The US in particular has a predisposition with patching perceived problems with medicine. The answer, however, is within you. Meds will just get you to the end of the day, ultimately. The longterm answer is within you.

Finally, it's great you're doing breathing exercises, drinking chamomile etc - just try not to turn these things into a combined mascot for your anxiety. Regard them with love, objectively, as tools that help. And as for breathing, I remember being told that, contrary to what may seem intuitive, faster, deeper breathing during an attack is actually worse than trying to slow your breathing down. Please look into something called the Buteyko method - I can vouch for it. A simple, short book off Amazon, and it'll change your breathing forever.

Good luck to you!

Stephj526
05-03-2015, 10:02 PM
You have normal health anxIety, as sucky as that may be. For me, my heart is almost always the culprit (with strokes and clots in a close run for 2nd). I get palpitations, fast heart rate, numbness, jaw pain...the whole shebang. I've had EKGs, 24 hr monitor, 30 day monitor, stress test, echoes, blood work...you name it. I do have sinus tachycardia where my heart beats fast for no reason sometimes, but it's physically healthy.

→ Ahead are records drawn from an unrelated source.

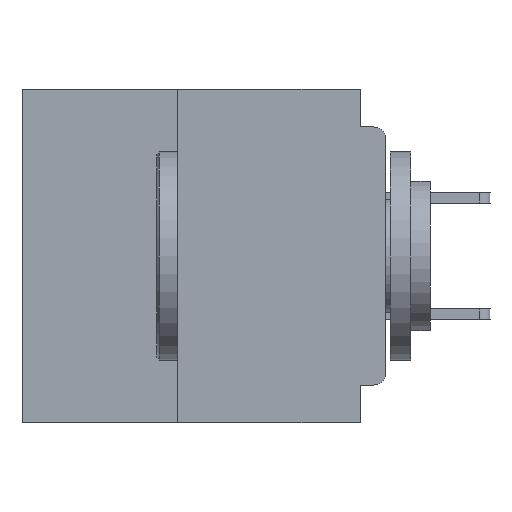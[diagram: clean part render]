
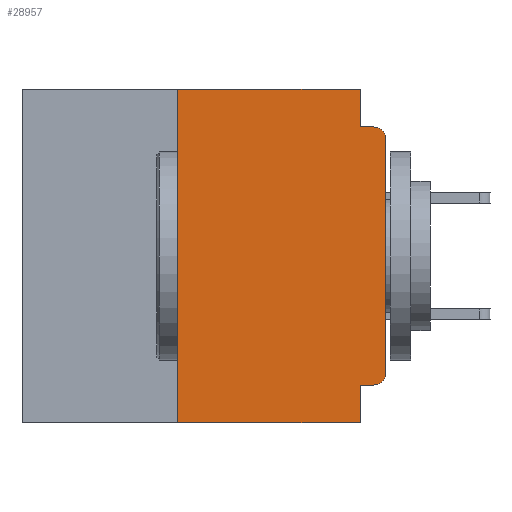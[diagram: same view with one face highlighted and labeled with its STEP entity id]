
A CAD part, left-side view. The second image highlights one B-rep face of the part: STEP entity #28957.
In plain terms, the highlighted planar face has unit normal (-1, 0, 0).
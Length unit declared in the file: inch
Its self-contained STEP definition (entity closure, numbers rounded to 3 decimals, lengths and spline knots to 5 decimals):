
#767 = CARTESIAN_POINT ( 'NONE',  ( 0., 0., -0.06 ) ) ;
#1794 = LINE ( 'NONE', #34709, #50902 ) ;
#3009 = ORIENTED_EDGE ( 'NONE', *, *, #40982, .T. ) ;
#4086 = DIRECTION ( 'NONE',  ( 0., 0., -1. ) ) ;
#4087 = VECTOR ( 'NONE', #28065, 39.37008 ) ;
#4584 = CARTESIAN_POINT ( 'NONE',  ( 0., 0.015, -0.34 ) ) ;
#4841 = DIRECTION ( 'NONE',  ( 0., -1., 0. ) ) ;
#5165 = CARTESIAN_POINT ( 'NONE',  ( 0., 0.437, 0. ) ) ;
#6503 = AXIS2_PLACEMENT_3D ( 'NONE', #5165, #33606, #48011 ) ;
#6718 = CARTESIAN_POINT ( 'NONE',  ( 0., 0.015, -0.06 ) ) ;
#7767 = LINE ( 'NONE', #61272, #44236 ) ;
#7792 = AXIS2_PLACEMENT_3D ( 'NONE', #6718, #39975, #11492 ) ;
#8213 = EDGE_CURVE ( 'NONE', #29205, #58673, #7767, .T. ) ;
#8870 = DIRECTION ( 'NONE',  ( 0., 0., 1. ) ) ;
#9246 = LINE ( 'NONE', #9640, #56851 ) ;
#9294 = ORIENTED_EDGE ( 'NONE', *, *, #53111, .F. ) ;
#9342 = DIRECTION ( 'NONE',  ( 0., 0., -1. ) ) ;
#9640 = CARTESIAN_POINT ( 'NONE',  ( 0., 0.437, -0.4 ) ) ;
#11492 = DIRECTION ( 'NONE',  ( 0., 0., -1. ) ) ;
#11689 = ORIENTED_EDGE ( 'NONE', *, *, #56942, .T. ) ;
#12375 = LINE ( 'NONE', #28420, #23496 ) ;
#14071 = AXIS2_PLACEMENT_3D ( 'NONE', #4584, #37820, #9342 ) ;
#14330 = VERTEX_POINT ( 'NONE', #20015 ) ;
#14678 = EDGE_CURVE ( 'NONE', #14330, #17545, #34040, .T. ) ;
#15327 = ORIENTED_EDGE ( 'NONE', *, *, #14678, .F. ) ;
#17545 = VERTEX_POINT ( 'NONE', #31578 ) ;
#18383 = CARTESIAN_POINT ( 'NONE',  ( 0., 0.015, -0.045 ) ) ;
#18850 = ORIENTED_EDGE ( 'NONE', *, *, #37901, .F. ) ;
#19043 = VERTEX_POINT ( 'NONE', #18383 ) ;
#20015 = CARTESIAN_POINT ( 'NONE',  ( 0., 0.25, -0.4 ) ) ;
#20118 = CARTESIAN_POINT ( 'NONE',  ( 0., 0.031, -0.4 ) ) ;
#20233 = ORIENTED_EDGE ( 'NONE', *, *, #8213, .T. ) ;
#20564 = DIRECTION ( 'NONE',  ( 0., -1., 0. ) ) ;
#21094 = CIRCLE ( 'NONE', #7792, 0.015 ) ;
#21723 = VERTEX_POINT ( 'NONE', #49870 ) ;
#23496 = VECTOR ( 'NONE', #4841, 39.37008 ) ;
#24477 = CARTESIAN_POINT ( 'NONE',  ( 0., 0.031, -0.355 ) ) ;
#27587 = CARTESIAN_POINT ( 'NONE',  ( 0., 0.25, -0.4 ) ) ;
#28011 = LINE ( 'NONE', #56181, #40742 ) ;
#28065 = DIRECTION ( 'NONE',  ( 0., 1., 0. ) ) ;
#28420 = CARTESIAN_POINT ( 'NONE',  ( 0., 0., -0.045 ) ) ;
#28957 = ADVANCED_FACE ( 'NONE', ( #34028 ), #43225, .F. ) ;
#29205 = VERTEX_POINT ( 'NONE', #44858 ) ;
#30201 = EDGE_CURVE ( 'NONE', #21723, #19043, #12375, .T. ) ;
#31471 = EDGE_CURVE ( 'NONE', #55606, #59830, #56123, .T. ) ;
#31578 = CARTESIAN_POINT ( 'NONE',  ( 0., 0.25, 0. ) ) ;
#33127 = ORIENTED_EDGE ( 'NONE', *, *, #30201, .F. ) ;
#33606 = DIRECTION ( 'NONE',  ( 1., 0., 0. ) ) ;
#33741 = VECTOR ( 'NONE', #4086, 39.37008 ) ;
#34028 = FACE_OUTER_BOUND ( 'NONE', #43252, .T. ) ;
#34040 = LINE ( 'NONE', #27587, #59341 ) ;
#34709 = CARTESIAN_POINT ( 'NONE',  ( 0., 0.437, 0. ) ) ;
#35796 = CIRCLE ( 'NONE', #14071, 0.015 ) ;
#37820 = DIRECTION ( 'NONE',  ( -1., 0., 0. ) ) ;
#37901 = EDGE_CURVE ( 'NONE', #17545, #49648, #1794, .T. ) ;
#38160 = DIRECTION ( 'NONE',  ( 0., -1., 0. ) ) ;
#39072 = CARTESIAN_POINT ( 'NONE',  ( 0., 0.031, 0. ) ) ;
#39975 = DIRECTION ( 'NONE',  ( -1., 0., 0. ) ) ;
#40738 = EDGE_CURVE ( 'NONE', #14330, #43419, #9246, .T. ) ;
#40742 = VECTOR ( 'NONE', #60937, 39.37008 ) ;
#40982 = EDGE_CURVE ( 'NONE', #58673, #19043, #21094, .T. ) ;
#41826 = ORIENTED_EDGE ( 'NONE', *, *, #44065, .F. ) ;
#43225 = PLANE ( 'NONE',  #6503 ) ;
#43252 = EDGE_LOOP ( 'NONE', ( #20233, #3009, #33127, #41826, #18850, #15327, #46172, #9294, #51917, #11689 ) ) ;
#43419 = VERTEX_POINT ( 'NONE', #20118 ) ;
#44065 = EDGE_CURVE ( 'NONE', #49648, #21723, #59050, .T. ) ;
#44236 = VECTOR ( 'NONE', #8870, 39.37008 ) ;
#44858 = CARTESIAN_POINT ( 'NONE',  ( 0., 0., -0.34 ) ) ;
#46172 = ORIENTED_EDGE ( 'NONE', *, *, #40738, .T. ) ;
#46536 = CARTESIAN_POINT ( 'NONE',  ( 0., 0.015, -0.355 ) ) ;
#48011 = DIRECTION ( 'NONE',  ( 0., 0., -1. ) ) ;
#49648 = VERTEX_POINT ( 'NONE', #39072 ) ;
#49870 = CARTESIAN_POINT ( 'NONE',  ( 0., 0.031, -0.045 ) ) ;
#50902 = VECTOR ( 'NONE', #20564, 39.37008 ) ;
#51917 = ORIENTED_EDGE ( 'NONE', *, *, #31471, .F. ) ;
#53111 = EDGE_CURVE ( 'NONE', #59830, #43419, #28011, .T. ) ;
#55606 = VERTEX_POINT ( 'NONE', #46536 ) ;
#56123 = LINE ( 'NONE', #61416, #4087 ) ;
#56181 = CARTESIAN_POINT ( 'NONE',  ( 0., 0.031, -0.4 ) ) ;
#56851 = VECTOR ( 'NONE', #38160, 39.37008 ) ;
#56942 = EDGE_CURVE ( 'NONE', #55606, #29205, #35796, .T. ) ;
#58673 = VERTEX_POINT ( 'NONE', #767 ) ;
#59050 = LINE ( 'NONE', #60990, #33741 ) ;
#59341 = VECTOR ( 'NONE', #60931, 39.37008 ) ;
#59830 = VERTEX_POINT ( 'NONE', #24477 ) ;
#60931 = DIRECTION ( 'NONE',  ( 0., 0., 1. ) ) ;
#60937 = DIRECTION ( 'NONE',  ( 0., 0., -1. ) ) ;
#60990 = CARTESIAN_POINT ( 'NONE',  ( 0., 0.031, 0. ) ) ;
#61272 = CARTESIAN_POINT ( 'NONE',  ( 0., 0., 0. ) ) ;
#61416 = CARTESIAN_POINT ( 'NONE',  ( 0., 0., -0.355 ) ) ;

Just tonight I had pain and swore something was wrong. Now an hour later I'm feeling better. Definitely try breathing through, and maybe something to take your mind off it. I play games on my phone or talk on the phone. Sometimes just telling someone what you feel helps too. Hope you feel better!!

sae
05-03-2015, 10:46 PM
It's been my experience that when it is actually a heart attack you just plain know. I have had two heart attacks and multiple panic attacks and at least for me they feel completely different. During a heart attack I am cool as a cucumber, just in pain. Hell my first heart attack I thought was just heartburn from eating a hamburger with onions until I took a face dive off of a porch and woke up in an ambulance.
Understand my case is really stupid rare and unlikely. I had syptoms long before my first heart attack. My panic attacks always come suddenly, out if nowhere, with those awful "what if I die" thoughts. The anxious mind is a lying butt muncher. Sometimes you just gotta smile at it and say "ahh, stupid brain... I see what you did there, fool me once, shame on you, fool me twice and I will stab you with my silver lining thinking!"
I definitely agree with the breathing exercises. They have helped me immensely over the past year.